1\. Your “real” identity - the one to which your “real” phone number and
Social Security number are linked - is for banking, buying a house, trading
stocks, paying utility bills, e-commerce, car registration, life insurance,
and so on.

2\. Never do or say anything online that would reveal your “real” identity in
any way. There’s a surprisingly broad spectrum of activities which might
reveal your identity. Don’t take selfies next to your (or my) car. Don’t take
selfies next to home. Better yet, don’t take selfies at all. Don’t geotag
anything. Don’t “check into” places. Don’t mention your first name. Don’t be
telling anyone about your real birthday. Build an impenetrable firewall
between “the internet” and your “real identity”, and keep it in good repair.

3\. All identities other than the “real” one are throwaway. Use a different
e-mail address, phone number, and name for each website. Never use the same
pseudonym more than once.

4\. Don’t tell your real-life friends anything about your “other” identities.
Don’t use social media under your “real” identity. This way, the two can never
be linked.

5\. Don’t be afraid to periodically “pull a _why” on your pseudonymous
identities. The forest of “yous” will grow thick and lush, and will need a
preventive burn every now and again in order to avoid an uncontrollable
conflagration later. Delete what you can; abandon what you can’t. Move on and
move up.

6\. If you ever feel compelled to make an exception to the rule, come talk to
me before you make the decision. Chances are that I’ll be able to hear you out
and make a convincing case against breaking rules 1-5.

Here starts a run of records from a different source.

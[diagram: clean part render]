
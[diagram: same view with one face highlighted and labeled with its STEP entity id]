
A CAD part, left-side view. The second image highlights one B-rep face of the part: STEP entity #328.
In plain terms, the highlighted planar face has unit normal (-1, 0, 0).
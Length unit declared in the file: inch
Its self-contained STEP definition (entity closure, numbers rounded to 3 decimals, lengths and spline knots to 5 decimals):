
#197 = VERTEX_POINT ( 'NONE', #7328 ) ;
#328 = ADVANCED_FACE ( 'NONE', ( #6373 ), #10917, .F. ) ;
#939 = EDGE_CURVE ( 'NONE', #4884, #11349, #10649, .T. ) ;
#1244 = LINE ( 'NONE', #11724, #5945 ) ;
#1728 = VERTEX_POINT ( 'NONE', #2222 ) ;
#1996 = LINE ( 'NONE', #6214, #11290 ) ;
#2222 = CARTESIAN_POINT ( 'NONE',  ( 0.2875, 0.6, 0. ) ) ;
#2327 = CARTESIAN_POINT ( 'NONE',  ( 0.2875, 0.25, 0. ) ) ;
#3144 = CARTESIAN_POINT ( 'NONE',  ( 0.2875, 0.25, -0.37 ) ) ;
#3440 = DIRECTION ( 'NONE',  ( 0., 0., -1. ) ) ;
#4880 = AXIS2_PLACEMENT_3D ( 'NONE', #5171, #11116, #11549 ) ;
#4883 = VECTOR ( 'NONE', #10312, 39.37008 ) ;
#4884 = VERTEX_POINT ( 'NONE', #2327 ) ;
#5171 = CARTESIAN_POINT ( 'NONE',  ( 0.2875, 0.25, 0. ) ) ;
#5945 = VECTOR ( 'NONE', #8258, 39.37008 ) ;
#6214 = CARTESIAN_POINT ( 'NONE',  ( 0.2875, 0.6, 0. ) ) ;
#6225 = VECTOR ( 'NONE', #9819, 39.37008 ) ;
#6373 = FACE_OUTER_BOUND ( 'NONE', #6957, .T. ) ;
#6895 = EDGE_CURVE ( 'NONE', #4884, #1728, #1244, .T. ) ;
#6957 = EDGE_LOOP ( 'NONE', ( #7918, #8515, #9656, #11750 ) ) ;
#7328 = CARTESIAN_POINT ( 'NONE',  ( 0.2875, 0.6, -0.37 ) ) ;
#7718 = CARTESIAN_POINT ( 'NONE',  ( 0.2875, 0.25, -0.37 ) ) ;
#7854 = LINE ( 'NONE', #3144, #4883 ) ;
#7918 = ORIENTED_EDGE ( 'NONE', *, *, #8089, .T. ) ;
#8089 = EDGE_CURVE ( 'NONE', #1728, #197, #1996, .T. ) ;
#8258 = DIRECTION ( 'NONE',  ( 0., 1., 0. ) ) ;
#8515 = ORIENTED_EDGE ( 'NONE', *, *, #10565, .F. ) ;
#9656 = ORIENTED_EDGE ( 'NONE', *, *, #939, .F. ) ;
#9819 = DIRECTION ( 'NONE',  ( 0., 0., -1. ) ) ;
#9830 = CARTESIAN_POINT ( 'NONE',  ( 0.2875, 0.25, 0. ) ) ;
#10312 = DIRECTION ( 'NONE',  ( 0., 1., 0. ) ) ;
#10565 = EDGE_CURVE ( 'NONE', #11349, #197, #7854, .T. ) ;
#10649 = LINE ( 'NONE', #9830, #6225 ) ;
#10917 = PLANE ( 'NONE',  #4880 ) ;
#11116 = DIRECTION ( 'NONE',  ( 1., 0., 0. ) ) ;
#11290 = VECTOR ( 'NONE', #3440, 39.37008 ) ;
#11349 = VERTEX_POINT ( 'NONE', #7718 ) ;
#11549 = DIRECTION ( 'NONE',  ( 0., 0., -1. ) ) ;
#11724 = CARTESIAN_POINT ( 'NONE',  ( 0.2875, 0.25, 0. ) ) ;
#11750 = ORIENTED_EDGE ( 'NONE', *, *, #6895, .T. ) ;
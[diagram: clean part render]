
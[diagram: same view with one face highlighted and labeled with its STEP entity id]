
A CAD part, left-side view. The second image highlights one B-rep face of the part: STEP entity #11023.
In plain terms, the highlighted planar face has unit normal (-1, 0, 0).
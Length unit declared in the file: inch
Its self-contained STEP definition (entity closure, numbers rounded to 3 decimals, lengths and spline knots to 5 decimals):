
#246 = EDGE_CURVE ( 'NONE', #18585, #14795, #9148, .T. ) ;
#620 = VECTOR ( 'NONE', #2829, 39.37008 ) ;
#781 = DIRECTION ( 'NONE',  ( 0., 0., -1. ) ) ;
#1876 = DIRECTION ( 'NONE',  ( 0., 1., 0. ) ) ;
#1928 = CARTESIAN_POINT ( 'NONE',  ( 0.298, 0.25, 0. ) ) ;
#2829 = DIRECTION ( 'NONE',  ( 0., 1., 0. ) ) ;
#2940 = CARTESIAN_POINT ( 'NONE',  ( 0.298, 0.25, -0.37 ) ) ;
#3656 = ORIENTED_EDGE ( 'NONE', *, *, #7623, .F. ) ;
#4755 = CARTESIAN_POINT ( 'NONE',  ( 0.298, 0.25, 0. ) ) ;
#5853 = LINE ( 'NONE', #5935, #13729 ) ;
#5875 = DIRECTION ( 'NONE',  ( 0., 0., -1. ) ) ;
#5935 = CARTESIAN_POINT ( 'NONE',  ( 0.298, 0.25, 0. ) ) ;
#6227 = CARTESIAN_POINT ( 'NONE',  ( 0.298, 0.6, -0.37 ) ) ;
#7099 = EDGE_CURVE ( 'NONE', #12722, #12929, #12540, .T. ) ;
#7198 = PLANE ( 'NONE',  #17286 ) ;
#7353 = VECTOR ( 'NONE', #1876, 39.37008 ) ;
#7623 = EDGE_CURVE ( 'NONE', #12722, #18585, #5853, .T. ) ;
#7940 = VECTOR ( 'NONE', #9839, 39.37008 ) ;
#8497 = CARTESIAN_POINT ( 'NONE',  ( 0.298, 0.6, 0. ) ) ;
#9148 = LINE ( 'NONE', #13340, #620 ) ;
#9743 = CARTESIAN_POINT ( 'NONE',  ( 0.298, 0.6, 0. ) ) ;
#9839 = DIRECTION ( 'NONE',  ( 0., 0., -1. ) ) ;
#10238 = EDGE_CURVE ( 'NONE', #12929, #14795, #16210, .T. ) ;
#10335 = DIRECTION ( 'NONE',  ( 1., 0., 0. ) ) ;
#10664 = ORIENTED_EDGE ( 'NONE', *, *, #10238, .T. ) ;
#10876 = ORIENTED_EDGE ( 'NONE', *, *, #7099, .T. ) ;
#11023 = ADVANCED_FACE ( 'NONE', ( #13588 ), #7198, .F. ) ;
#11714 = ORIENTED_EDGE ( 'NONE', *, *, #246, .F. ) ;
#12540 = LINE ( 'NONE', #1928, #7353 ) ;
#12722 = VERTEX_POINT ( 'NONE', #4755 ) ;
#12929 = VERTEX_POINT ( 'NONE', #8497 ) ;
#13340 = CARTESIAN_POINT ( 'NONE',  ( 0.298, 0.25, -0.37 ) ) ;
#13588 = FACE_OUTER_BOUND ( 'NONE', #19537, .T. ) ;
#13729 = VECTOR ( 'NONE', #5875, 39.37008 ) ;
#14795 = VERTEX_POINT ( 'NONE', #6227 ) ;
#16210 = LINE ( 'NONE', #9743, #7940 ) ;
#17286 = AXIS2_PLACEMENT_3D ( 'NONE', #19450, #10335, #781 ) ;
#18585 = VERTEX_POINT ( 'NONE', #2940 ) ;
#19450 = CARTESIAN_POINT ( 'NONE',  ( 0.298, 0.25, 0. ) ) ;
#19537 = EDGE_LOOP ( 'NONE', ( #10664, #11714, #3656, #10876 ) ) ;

Ever since I’ve come up with these ground rules, I’ve slowly wound down my own
social media presence. I have set up an alter ego under which I’m conducting
my open source and other online activities. When asked why I don’t use my
“real name” GitHub for anything but work, I say that this is my way of keeping
things separate for the sake of sanity and safety. People nod their
understanding, but they don’t really get it, and that’s okay. They can’t
possibly get to know every side of me.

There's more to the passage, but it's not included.